[Exercise instructions]: If a line below includes the string "CityJSON", copy it.

[Records supplied]:
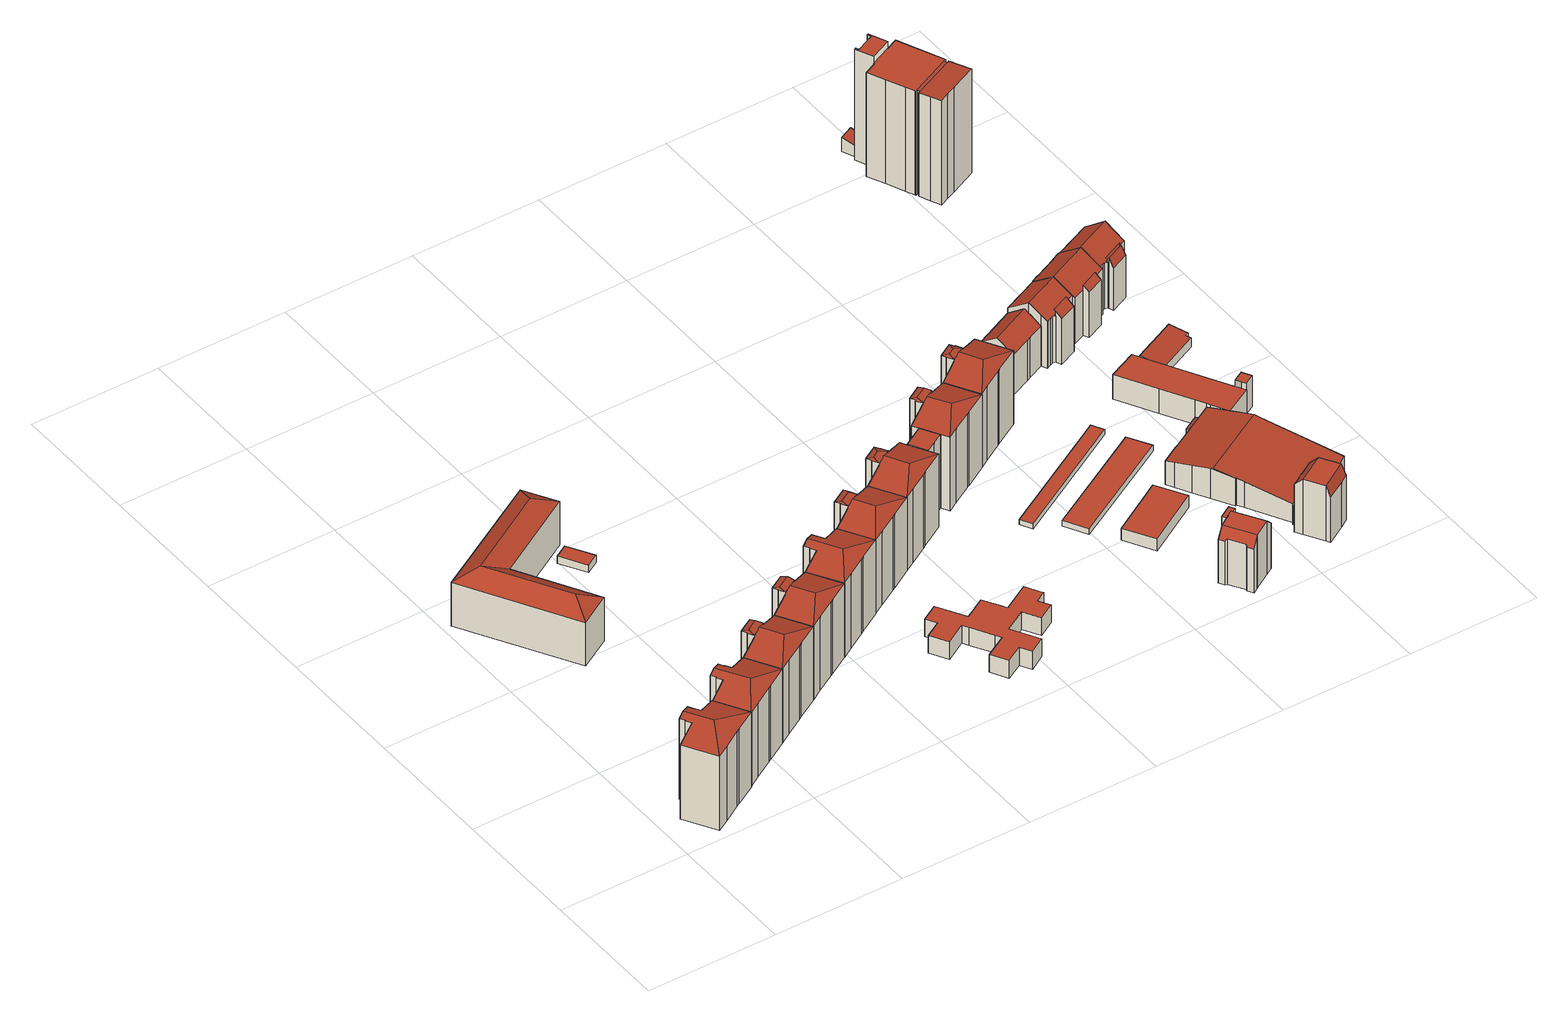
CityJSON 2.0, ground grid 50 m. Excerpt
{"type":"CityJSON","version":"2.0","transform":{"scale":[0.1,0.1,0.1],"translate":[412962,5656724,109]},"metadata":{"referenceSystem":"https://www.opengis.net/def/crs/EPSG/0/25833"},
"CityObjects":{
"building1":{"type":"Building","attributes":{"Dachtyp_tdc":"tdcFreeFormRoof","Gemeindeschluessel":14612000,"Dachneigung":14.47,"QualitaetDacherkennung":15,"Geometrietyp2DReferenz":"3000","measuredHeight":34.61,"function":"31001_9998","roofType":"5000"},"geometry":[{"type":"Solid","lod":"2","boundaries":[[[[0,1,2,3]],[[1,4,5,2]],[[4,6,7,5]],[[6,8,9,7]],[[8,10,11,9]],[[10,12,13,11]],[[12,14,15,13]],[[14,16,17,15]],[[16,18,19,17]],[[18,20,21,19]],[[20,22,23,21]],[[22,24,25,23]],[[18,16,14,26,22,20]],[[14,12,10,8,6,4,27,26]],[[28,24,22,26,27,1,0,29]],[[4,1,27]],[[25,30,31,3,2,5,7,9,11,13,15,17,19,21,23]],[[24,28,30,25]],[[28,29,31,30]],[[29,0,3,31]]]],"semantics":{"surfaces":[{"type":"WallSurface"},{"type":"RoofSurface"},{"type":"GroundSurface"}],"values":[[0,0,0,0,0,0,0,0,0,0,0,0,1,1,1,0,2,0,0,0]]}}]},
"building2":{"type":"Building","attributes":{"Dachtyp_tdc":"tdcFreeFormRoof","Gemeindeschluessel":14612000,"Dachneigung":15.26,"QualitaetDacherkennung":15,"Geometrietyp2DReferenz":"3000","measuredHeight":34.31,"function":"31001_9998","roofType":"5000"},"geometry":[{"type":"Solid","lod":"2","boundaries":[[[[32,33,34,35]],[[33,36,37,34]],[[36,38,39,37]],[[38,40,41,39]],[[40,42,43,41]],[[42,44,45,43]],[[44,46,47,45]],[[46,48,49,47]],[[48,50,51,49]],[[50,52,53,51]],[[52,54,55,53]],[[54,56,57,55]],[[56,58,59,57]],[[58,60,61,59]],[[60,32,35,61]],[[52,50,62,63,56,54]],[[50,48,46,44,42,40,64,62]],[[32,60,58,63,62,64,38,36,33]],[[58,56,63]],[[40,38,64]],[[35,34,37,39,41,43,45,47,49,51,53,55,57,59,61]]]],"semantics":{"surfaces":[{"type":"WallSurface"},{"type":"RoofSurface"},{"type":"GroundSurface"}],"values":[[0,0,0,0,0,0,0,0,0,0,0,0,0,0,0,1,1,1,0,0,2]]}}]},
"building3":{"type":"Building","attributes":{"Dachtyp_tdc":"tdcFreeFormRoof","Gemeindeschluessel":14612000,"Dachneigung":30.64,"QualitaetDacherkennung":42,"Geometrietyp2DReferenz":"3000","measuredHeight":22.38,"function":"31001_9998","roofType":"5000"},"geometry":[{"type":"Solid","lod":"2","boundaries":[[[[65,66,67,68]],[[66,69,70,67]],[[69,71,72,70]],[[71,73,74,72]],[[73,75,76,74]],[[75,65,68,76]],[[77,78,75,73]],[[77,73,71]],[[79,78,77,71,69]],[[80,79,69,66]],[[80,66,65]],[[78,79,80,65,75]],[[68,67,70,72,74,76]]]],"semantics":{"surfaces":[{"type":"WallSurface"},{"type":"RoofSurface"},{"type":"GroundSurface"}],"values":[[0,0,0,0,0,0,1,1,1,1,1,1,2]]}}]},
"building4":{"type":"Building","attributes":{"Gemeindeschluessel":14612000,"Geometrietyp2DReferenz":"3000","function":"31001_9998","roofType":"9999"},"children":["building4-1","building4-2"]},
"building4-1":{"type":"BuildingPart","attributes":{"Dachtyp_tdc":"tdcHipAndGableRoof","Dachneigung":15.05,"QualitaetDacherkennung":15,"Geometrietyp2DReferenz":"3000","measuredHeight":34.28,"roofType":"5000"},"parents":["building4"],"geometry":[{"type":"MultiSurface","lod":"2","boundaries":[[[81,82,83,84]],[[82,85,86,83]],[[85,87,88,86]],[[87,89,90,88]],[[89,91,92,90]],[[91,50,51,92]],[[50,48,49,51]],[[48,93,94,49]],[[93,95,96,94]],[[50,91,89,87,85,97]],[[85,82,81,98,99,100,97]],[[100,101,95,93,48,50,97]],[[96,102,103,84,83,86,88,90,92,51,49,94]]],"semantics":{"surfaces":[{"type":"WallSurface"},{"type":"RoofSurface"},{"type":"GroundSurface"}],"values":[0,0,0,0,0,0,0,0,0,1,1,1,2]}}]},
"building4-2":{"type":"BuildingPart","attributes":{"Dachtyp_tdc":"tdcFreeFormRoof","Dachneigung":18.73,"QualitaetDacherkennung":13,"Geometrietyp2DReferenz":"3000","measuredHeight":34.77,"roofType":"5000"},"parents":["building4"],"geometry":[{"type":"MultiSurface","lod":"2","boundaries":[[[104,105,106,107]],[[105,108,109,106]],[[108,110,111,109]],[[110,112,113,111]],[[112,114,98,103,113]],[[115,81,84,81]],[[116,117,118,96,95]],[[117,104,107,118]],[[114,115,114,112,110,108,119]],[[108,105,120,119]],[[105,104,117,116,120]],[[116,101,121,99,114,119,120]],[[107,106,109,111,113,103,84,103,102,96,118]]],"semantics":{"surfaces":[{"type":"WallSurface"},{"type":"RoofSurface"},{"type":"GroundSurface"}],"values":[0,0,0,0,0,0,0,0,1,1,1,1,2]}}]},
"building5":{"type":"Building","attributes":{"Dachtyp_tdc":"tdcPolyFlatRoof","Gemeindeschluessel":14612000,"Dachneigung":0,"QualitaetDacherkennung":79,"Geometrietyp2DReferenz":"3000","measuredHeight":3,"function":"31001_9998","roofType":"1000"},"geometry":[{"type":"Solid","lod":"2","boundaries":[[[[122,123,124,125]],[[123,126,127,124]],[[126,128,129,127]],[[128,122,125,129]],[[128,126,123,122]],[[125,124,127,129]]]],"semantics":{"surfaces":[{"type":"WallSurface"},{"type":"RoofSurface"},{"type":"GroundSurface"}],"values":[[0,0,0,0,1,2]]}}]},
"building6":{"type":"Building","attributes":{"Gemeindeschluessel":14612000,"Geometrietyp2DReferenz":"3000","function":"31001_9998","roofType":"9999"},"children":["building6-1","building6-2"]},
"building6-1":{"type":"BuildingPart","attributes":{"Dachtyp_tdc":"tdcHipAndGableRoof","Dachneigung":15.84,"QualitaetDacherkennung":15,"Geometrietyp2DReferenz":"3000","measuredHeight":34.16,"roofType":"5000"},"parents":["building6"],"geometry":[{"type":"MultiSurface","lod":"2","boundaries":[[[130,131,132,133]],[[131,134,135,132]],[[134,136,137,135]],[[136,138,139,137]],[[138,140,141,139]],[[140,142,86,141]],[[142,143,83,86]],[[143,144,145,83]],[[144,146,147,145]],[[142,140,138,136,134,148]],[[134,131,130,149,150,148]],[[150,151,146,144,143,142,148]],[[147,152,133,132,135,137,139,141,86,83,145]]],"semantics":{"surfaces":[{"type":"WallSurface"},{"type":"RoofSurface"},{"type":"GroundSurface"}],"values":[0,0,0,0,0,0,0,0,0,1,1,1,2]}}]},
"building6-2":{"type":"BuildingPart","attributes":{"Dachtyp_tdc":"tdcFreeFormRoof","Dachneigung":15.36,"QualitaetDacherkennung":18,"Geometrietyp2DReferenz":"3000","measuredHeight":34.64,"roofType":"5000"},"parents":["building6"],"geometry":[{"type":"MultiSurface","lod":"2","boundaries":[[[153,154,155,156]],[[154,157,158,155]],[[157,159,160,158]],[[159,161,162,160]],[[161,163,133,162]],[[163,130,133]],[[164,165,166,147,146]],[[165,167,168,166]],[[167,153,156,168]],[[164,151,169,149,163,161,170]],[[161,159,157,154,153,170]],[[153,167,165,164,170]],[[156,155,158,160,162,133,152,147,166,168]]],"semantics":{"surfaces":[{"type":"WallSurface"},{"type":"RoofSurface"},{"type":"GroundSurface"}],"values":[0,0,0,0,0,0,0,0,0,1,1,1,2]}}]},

[Response to this exercise]:
CityJSON 2.0, ground grid 50 m. Excerpt
{"type":"CityJSON","version":"2.0","transform":{"scale":[0.1,0.1,0.1],"translate":[412962,5656724,109]},"metadata":{"referenceSystem":"https://www.opengis.net/def/crs/EPSG/0/25833"},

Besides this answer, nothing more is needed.